Desafio dos Pássaros #8
Tema da semana: Escreve uma carta para a criança que foste
A casa dos padrinhos já foi a minha.
Pertence à família há gerações e cresci lá até que, sob chantagens e ameaças, convenci os meus avós a mudarmo-nos para Lisboa.
Hoje, a madrinha pediu-me para ir ao sótão procurar frascos de vidro para a compota de abóbora, que os CTT não entregaram a encomenda a tempo.
Num canto, coberta de pó, encontrei a arca que costumava estar no meu quarto e onde guardava os brinquedos e as relíquias.
Abri-a e um turbilhão de memórias rodopiou e ganhou vida.
Por lá, encontrei o meu antigo diário e abri-o ao calhas:
Querido diário
Estou muito triste e ninguém me compreende.
Viver aqui, no meio do nada, sempre a ver as mesmas pessoas, está a matar-me.
Hoje, o avô ralhou-me, quando me descobriu no seu quarto a usar as joias da avó. Disse-me que valiam muito dinheiro e poderias parti-las ou perdê-las.

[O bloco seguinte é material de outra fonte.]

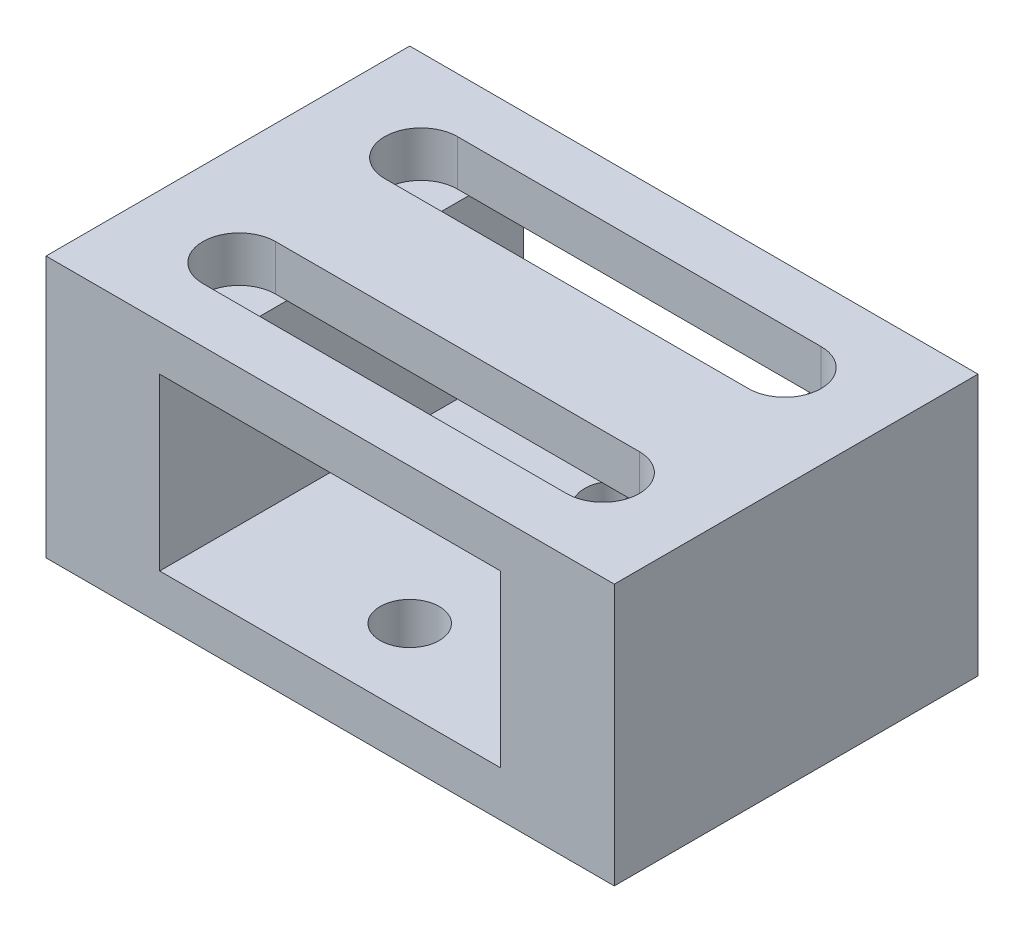
ISO-10303-21;
HEADER;
FILE_DESCRIPTION(('STEP AP214'),'2;1');
FILE_NAME('part.step','',(''),(''),'','','');
FILE_SCHEMA(('AUTOMOTIVE_DESIGN { 1 0 10303 214 1 1 1 1 }'));
ENDSEC;
DATA;
#1=APPLICATION_CONTEXT('core data for automotive mechanical design processes');
#2=APPLICATION_PROTOCOL_DEFINITION('international standard','automotive_design',2000,#1);
#3=PRODUCT_CONTEXT('',#1,'mechanical');
#4=PRODUCT('Part','Part','',(#3));
#5=PRODUCT_RELATED_PRODUCT_CATEGORY('part','',(#4));
#6=PRODUCT_DEFINITION_FORMATION('','',#4);
#7=PRODUCT_DEFINITION_CONTEXT('part definition',#1,'design');
#8=PRODUCT_DEFINITION('design','',#6,#7);
#9=PRODUCT_DEFINITION_SHAPE('','',#8);
#10=(LENGTH_UNIT() NAMED_UNIT(*) SI_UNIT(.MILLI.,.METRE.));
#11=(NAMED_UNIT(*) PLANE_ANGLE_UNIT() SI_UNIT($,.RADIAN.));
#12=(NAMED_UNIT(*) SI_UNIT($,.STERADIAN.) SOLID_ANGLE_UNIT());
#13=UNCERTAINTY_MEASURE_WITH_UNIT(LENGTH_MEASURE(1.E-05),#10,'distance_accuracy_value','');
#14=(GEOMETRIC_REPRESENTATION_CONTEXT(3) GLOBAL_UNCERTAINTY_ASSIGNED_CONTEXT((#13)) GLOBAL_UNIT_ASSIGNED_CONTEXT((#10,
#11,#12)) REPRESENTATION_CONTEXT('',''));
#15=CARTESIAN_POINT('',(0.,0.,0.));
#16=DIRECTION('',(0.,0.,1.));
#17=DIRECTION('',(1.,0.,0.));
#18=AXIS2_PLACEMENT_3D('',#15,#16,#17);
#19=CARTESIAN_POINT('',(-25.,28.,-36.25));
#20=DIRECTION('',(0.,1.,0.));
#21=DIRECTION('',(0.,0.,1.));
#22=AXIS2_PLACEMENT_3D('',#19,#20,#21);
#23=PLANE('',#22);
#24=DIRECTION('',(1.,0.,0.));
#25=VECTOR('',#24,1.);
#26=CARTESIAN_POINT('',(-16.,28.,-57.05));
#27=LINE('',#26,#25);
#28=CARTESIAN_POINT('',(-16.,28.,-57.05));
#29=VERTEX_POINT('',#28);
#30=CARTESIAN_POINT('',(16.,28.,-57.05));
#31=VERTEX_POINT('',#30);
#32=EDGE_CURVE('E170',#29,#31,#27,.T.);
#33=ORIENTED_EDGE('',*,*,#32,.F.);
#34=CARTESIAN_POINT('',(-16.,28.,-60.25));
#35=DIRECTION('',(0.,1.,0.));
#36=DIRECTION('',(0.,0.,1.));
#37=AXIS2_PLACEMENT_3D('',#34,#35,#36);
#38=CIRCLE('',#37,3.19999999999999);
#39=CARTESIAN_POINT('',(-16.,28.,-63.45));
#40=VERTEX_POINT('',#39);
#41=EDGE_CURVE('E172',#40,#29,#38,.T.);
#42=ORIENTED_EDGE('',*,*,#41,.F.);
#43=DIRECTION('',(-1.,0.,0.));
#44=VECTOR('',#43,1.);
#45=CARTESIAN_POINT('',(-16.,28.,-63.45));
#46=LINE('',#45,#44);
#47=CARTESIAN_POINT('',(16.,28.,-63.45));
#48=VERTEX_POINT('',#47);
#49=EDGE_CURVE('E161',#48,#40,#46,.T.);
#50=ORIENTED_EDGE('',*,*,#49,.F.);
#51=CARTESIAN_POINT('',(16.,28.,-60.25));
#52=DIRECTION('',(0.,1.,0.));
#53=DIRECTION('',(0.,0.,1.));
#54=AXIS2_PLACEMENT_3D('',#51,#52,#53);
#55=CIRCLE('',#54,3.19999999999998);
#56=EDGE_CURVE('E168',#31,#48,#55,.T.);
#57=ORIENTED_EDGE('',*,*,#56,.F.);
#58=EDGE_LOOP('',(#33,#42,#50,#57));
#59=FACE_BOUND('',#58,.T.);
#60=DIRECTION('',(1.,0.,0.));
#61=VECTOR('',#60,1.);
#62=CARTESIAN_POINT('',(-16.,28.,-41.05));
#63=LINE('',#62,#61);
#64=CARTESIAN_POINT('',(-16.,28.,-41.05));
#65=VERTEX_POINT('',#64);
#66=CARTESIAN_POINT('',(16.,28.,-41.05));
#67=VERTEX_POINT('',#66);
#68=EDGE_CURVE('E243',#65,#67,#63,.T.);
#69=ORIENTED_EDGE('',*,*,#68,.F.);
#70=CARTESIAN_POINT('',(-16.,28.,-44.25));
#71=DIRECTION('',(0.,1.,0.));
#72=DIRECTION('',(0.,0.,1.));
#73=AXIS2_PLACEMENT_3D('',#70,#71,#72);
#74=CIRCLE('',#73,3.2);
#75=CARTESIAN_POINT('',(-16.,28.,-47.45));
#76=VERTEX_POINT('',#75);
#77=EDGE_CURVE('E142',#76,#65,#74,.T.);
#78=ORIENTED_EDGE('',*,*,#77,.F.);
#79=DIRECTION('',(-1.,0.,0.));
#80=VECTOR('',#79,1.);
#81=CARTESIAN_POINT('',(-16.,28.,-47.45));
#82=LINE('',#81,#80);
#83=CARTESIAN_POINT('',(16.,28.,-47.45));
#84=VERTEX_POINT('',#83);
#85=EDGE_CURVE('E143',#84,#76,#82,.T.);
#86=ORIENTED_EDGE('',*,*,#85,.F.);
#87=CARTESIAN_POINT('',(16.,28.,-44.25));
#88=DIRECTION('',(0.,1.,0.));
#89=DIRECTION('',(0.,0.,1.));
#90=AXIS2_PLACEMENT_3D('',#87,#88,#89);
#91=CIRCLE('',#90,3.2);
#92=EDGE_CURVE('E148',#67,#84,#91,.T.);
#93=ORIENTED_EDGE('',*,*,#92,.F.);
#94=EDGE_LOOP('',(#69,#78,#86,#93));
#95=FACE_BOUND('',#94,.T.);
#96=DIRECTION('',(0.,0.,1.));
#97=VECTOR('',#96,1.);
#98=CARTESIAN_POINT('',(-25.,28.,0.));
#99=LINE('',#98,#97);
#100=CARTESIAN_POINT('',(-25.,28.,-68.25));
#101=VERTEX_POINT('',#100);
#102=CARTESIAN_POINT('',(-25.,28.,-36.25));
#103=VERTEX_POINT('',#102);
#104=EDGE_CURVE('E391',#101,#103,#99,.T.);
#105=ORIENTED_EDGE('',*,*,#104,.T.);
#106=DIRECTION('',(-1.,0.,0.));
#107=VECTOR('',#106,1.);
#108=CARTESIAN_POINT('',(25.,28.,-36.25));
#109=LINE('',#108,#107);
#110=CARTESIAN_POINT('',(25.,28.,-36.25));
#111=VERTEX_POINT('',#110);
#112=EDGE_CURVE('E397',#111,#103,#109,.T.);
#113=ORIENTED_EDGE('',*,*,#112,.F.);
#114=DIRECTION('',(0.,0.,1.));
#115=VECTOR('',#114,1.);
#116=CARTESIAN_POINT('',(25.,28.,0.));
#117=LINE('',#116,#115);
#118=CARTESIAN_POINT('',(25.,28.,-68.25));
#119=VERTEX_POINT('',#118);
#120=EDGE_CURVE('E396',#119,#111,#117,.T.);
#121=ORIENTED_EDGE('',*,*,#120,.F.);
#122=DIRECTION('',(-1.,0.,0.));
#123=VECTOR('',#122,1.);
#124=CARTESIAN_POINT('',(25.,28.,-68.25));
#125=LINE('',#124,#123);
#126=EDGE_CURVE('E407',#119,#101,#125,.T.);
#127=ORIENTED_EDGE('',*,*,#126,.T.);
#128=EDGE_LOOP('',(#105,#113,#121,#127));
#129=FACE_BOUND('',#128,.T.);
#130=ADVANCED_FACE('F40',(#59,#95,#129),#23,.T.);
#131=CARTESIAN_POINT('',(15.,9.00000000000002,110.001));
#132=DIRECTION('',(1.,0.,0.));
#133=DIRECTION('',(0.,0.,-1.));
#134=AXIS2_PLACEMENT_3D('',#131,#132,#133);
#135=PLANE('',#134);
#136=DIRECTION('',(0.,1.,0.));
#137=VECTOR('',#136,1.);
#138=CARTESIAN_POINT('',(15.,9.00000000000002,-36.25));
#139=LINE('',#138,#137);
#140=CARTESIAN_POINT('',(15.,9.00000000000002,-36.25));
#141=VERTEX_POINT('',#140);
#142=CARTESIAN_POINT('',(15.,24.,-36.25));
#143=VERTEX_POINT('',#142);
#144=EDGE_CURVE('E156',#141,#143,#139,.T.);
#145=ORIENTED_EDGE('',*,*,#144,.T.);
#146=DIRECTION('',(0.,0.,-1.));
#147=VECTOR('',#146,1.);
#148=CARTESIAN_POINT('',(15.,24.,110.001));
#149=LINE('',#148,#147);
#150=CARTESIAN_POINT('',(15.,24.,-41.05));
#151=VERTEX_POINT('',#150);
#152=EDGE_CURVE('E267',#143,#151,#149,.T.);
#153=ORIENTED_EDGE('',*,*,#152,.T.);
#154=CARTESIAN_POINT('',(15.,24.,-47.45));
#155=VERTEX_POINT('',#154);
#156=EDGE_CURVE('E261',#151,#155,#149,.T.);
#157=ORIENTED_EDGE('',*,*,#156,.T.);
#158=CARTESIAN_POINT('',(15.,24.,-57.05));
#159=VERTEX_POINT('',#158);
#160=EDGE_CURVE('E266',#155,#159,#149,.T.);
#161=ORIENTED_EDGE('',*,*,#160,.T.);
#162=CARTESIAN_POINT('',(15.,24.,-63.45));
#163=VERTEX_POINT('',#162);
#164=EDGE_CURVE('E279',#159,#163,#149,.T.);
#165=ORIENTED_EDGE('',*,*,#164,.T.);
#166=CARTESIAN_POINT('',(15.,24.,-68.25));
#167=VERTEX_POINT('',#166);
#168=EDGE_CURVE('E275',#163,#167,#149,.T.);
#169=ORIENTED_EDGE('',*,*,#168,.T.);
#170=DIRECTION('',(0.,-1.,0.));
#171=VECTOR('',#170,1.);
#172=CARTESIAN_POINT('',(15.,9.00000000000002,-68.25));
#173=LINE('',#172,#171);
#174=CARTESIAN_POINT('',(15.,9.00000000000002,-68.25));
#175=VERTEX_POINT('',#174);
#176=EDGE_CURVE('E372',#167,#175,#173,.T.);
#177=ORIENTED_EDGE('',*,*,#176,.T.);
#178=DIRECTION('',(0.,0.,-1.));
#179=VECTOR('',#178,1.);
#180=CARTESIAN_POINT('',(15.,9.00000000000002,110.001));
#181=LINE('',#180,#179);
#182=EDGE_CURVE('E213',#141,#175,#181,.T.);
#183=ORIENTED_EDGE('',*,*,#182,.F.);
#184=EDGE_LOOP('',(#145,#153,#157,#161,#165,#169,#177,#183));
#185=FACE_BOUND('',#184,.T.);
#186=ADVANCED_FACE('F274',(#185),#135,.F.);
#187=CARTESIAN_POINT('',(15.,24.,110.001));
#188=DIRECTION('',(0.,1.,0.));
#189=DIRECTION('',(0.,0.,1.));
#190=AXIS2_PLACEMENT_3D('',#187,#188,#189);
#191=PLANE('',#190);
#192=ORIENTED_EDGE('',*,*,#168,.F.);
#193=DIRECTION('',(1.,0.,0.));
#194=VECTOR('',#193,1.);
#195=CARTESIAN_POINT('',(-16.,24.,-63.45));
#196=LINE('',#195,#194);
#197=CARTESIAN_POINT('',(-15.,24.,-63.45));
#198=VERTEX_POINT('',#197);
#199=EDGE_CURVE('E180',#198,#163,#196,.T.);
#200=ORIENTED_EDGE('',*,*,#199,.F.);
#201=DIRECTION('',(0.,0.,-1.));
#202=VECTOR('',#201,1.);
#203=CARTESIAN_POINT('',(-15.,24.,110.001));
#204=LINE('',#203,#202);
#205=CARTESIAN_POINT('',(-15.,24.,-68.25));
#206=VERTEX_POINT('',#205);
#207=EDGE_CURVE('E285',#198,#206,#204,.T.);
#208=ORIENTED_EDGE('',*,*,#207,.T.);
#209=DIRECTION('',(1.,0.,0.));
#210=VECTOR('',#209,1.);
#211=CARTESIAN_POINT('',(15.,24.,-68.25));
#212=LINE('',#211,#210);
#213=EDGE_CURVE('E366',#206,#167,#212,.T.);
#214=ORIENTED_EDGE('',*,*,#213,.T.);
#215=EDGE_LOOP('',(#192,#200,#208,#214));
#216=FACE_BOUND('',#215,.T.);
#217=ADVANCED_FACE('F364',(#216),#191,.F.);
#218=CARTESIAN_POINT('',(-16.,-14.9296801939086,-63.45));
#219=DIRECTION('',(0.,0.,-1.));
#220=DIRECTION('',(-1.,0.,0.));
#221=AXIS2_PLACEMENT_3D('',#218,#219,#220);
#222=PLANE('',#221);
#223=CARTESIAN_POINT('',(-16.,24.,-63.45));
#224=VERTEX_POINT('',#223);
#225=EDGE_CURVE('E177',#224,#198,#196,.T.);
#226=ORIENTED_EDGE('',*,*,#225,.T.);
#227=ORIENTED_EDGE('',*,*,#199,.T.);
#228=CARTESIAN_POINT('',(16.,24.,-63.45));
#229=VERTEX_POINT('',#228);
#230=EDGE_CURVE('E181',#163,#229,#196,.T.);
#231=ORIENTED_EDGE('',*,*,#230,.T.);
#232=DIRECTION('',(0.,1.,0.));
#233=VECTOR('',#232,1.);
#234=CARTESIAN_POINT('',(16.,-14.9296801939086,-63.45));
#235=LINE('',#234,#233);
#236=EDGE_CURVE('E84',#229,#48,#235,.T.);
#237=ORIENTED_EDGE('',*,*,#236,.T.);
#238=ORIENTED_EDGE('',*,*,#49,.T.);
#239=DIRECTION('',(0.,1.,0.));
#240=VECTOR('',#239,1.);
#241=CARTESIAN_POINT('',(-16.,-14.9296801939086,-63.45));
#242=LINE('',#241,#240);
#243=EDGE_CURVE('E164',#224,#40,#242,.T.);
#244=ORIENTED_EDGE('',*,*,#243,.F.);
#245=EDGE_LOOP('',(#226,#227,#231,#237,#238,#244));
#246=FACE_BOUND('',#245,.T.);
#247=ADVANCED_FACE('F360',(#246),#222,.F.);
#248=CARTESIAN_POINT('',(16.,-14.9296801939086,-60.25));
#249=DIRECTION('',(0.,1.,0.));
#250=DIRECTION('',(0.,0.,1.));
#251=AXIS2_PLACEMENT_3D('',#248,#249,#250);
#252=CYLINDRICAL_SURFACE('',#251,3.19999999999998);
#253=CARTESIAN_POINT('',(16.,24.,-60.25));
#254=DIRECTION('',(0.,1.,0.));
#255=DIRECTION('',(0.,0.,1.));
#256=AXIS2_PLACEMENT_3D('',#253,#254,#255);
#257=CIRCLE('',#256,3.19999999999998);
#258=CARTESIAN_POINT('',(16.,24.,-57.05));
#259=VERTEX_POINT('',#258);
#260=EDGE_CURVE('E166',#229,#259,#257,.F.);
#261=ORIENTED_EDGE('',*,*,#260,.T.);
#262=DIRECTION('',(0.,1.,0.));
#263=VECTOR('',#262,1.);
#264=CARTESIAN_POINT('',(16.,-14.9296801939086,-57.05));
#265=LINE('',#264,#263);
#266=EDGE_CURVE('E90',#259,#31,#265,.T.);
#267=ORIENTED_EDGE('',*,*,#266,.T.);
#268=ORIENTED_EDGE('',*,*,#56,.T.);
#269=ORIENTED_EDGE('',*,*,#236,.F.);
#270=EDGE_LOOP('',(#261,#267,#268,#269));
#271=FACE_BOUND('',#270,.T.);
#272=ADVANCED_FACE('F353',(#271),#252,.F.);
#273=CARTESIAN_POINT('',(-16.,-14.9296801939086,-60.25));
#274=DIRECTION('',(0.,1.,0.));
#275=DIRECTION('',(0.,0.,1.));
#276=AXIS2_PLACEMENT_3D('',#273,#274,#275);
#277=CYLINDRICAL_SURFACE('',#276,3.19999999999999);
#278=CARTESIAN_POINT('',(-16.,24.,-60.25));
#279=DIRECTION('',(0.,1.,0.));
#280=DIRECTION('',(0.,0.,1.));
#281=AXIS2_PLACEMENT_3D('',#278,#279,#280);
#282=CIRCLE('',#281,3.19999999999999);
#283=CARTESIAN_POINT('',(-16.,24.,-57.05));
#284=VERTEX_POINT('',#283);
#285=EDGE_CURVE('E175',#284,#224,#282,.F.);
#286=ORIENTED_EDGE('',*,*,#285,.T.);
#287=ORIENTED_EDGE('',*,*,#243,.T.);
#288=ORIENTED_EDGE('',*,*,#41,.T.);
#289=DIRECTION('',(0.,1.,0.));
#290=VECTOR('',#289,1.);
#291=CARTESIAN_POINT('',(-16.,-14.9296801939086,-57.05));
#292=LINE('',#291,#290);
#293=EDGE_CURVE('E158',#284,#29,#292,.T.);
#294=ORIENTED_EDGE('',*,*,#293,.F.);
#295=EDGE_LOOP('',(#286,#287,#288,#294));
#296=FACE_BOUND('',#295,.T.);
#297=ADVANCED_FACE('F344',(#296),#277,.F.);
#298=CARTESIAN_POINT('',(15.,24.,110.001));
#299=DIRECTION('',(0.,1.,0.));
#300=DIRECTION('',(0.,0.,1.));
#301=AXIS2_PLACEMENT_3D('',#298,#299,#300);
#302=PLANE('',#301);
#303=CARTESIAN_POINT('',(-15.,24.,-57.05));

Eu só queria fingir que vivia numa casa grande, numa família rica, como aquelas das novelas que vejo à noite.
Decidi desaparecer para assustá-lo e escondi-me na casa do fumeiro, entre as enormes talhas de azeite.
Entre soluços, acabei por adormecer e abri os olhos já era quase noite.
Por esta altura, o meu avô já deveria estar desesperado. Benfeita!
Iria ficar ali toda a noite (…)
Como me recordo desse dia!
Retirei a caneta que pertencia ao diário e resolvi escrever uma carta à criança que fui, como resposta a este episódio.
“Cara miúda,
Se te disser o quão errada estavas, não acredites.
Foi preciso sair do Alentejo e viver o sonho, para aprender que nem todas as nuvens são de algodão. Por vezes, desfazem-se em água e desaparecem…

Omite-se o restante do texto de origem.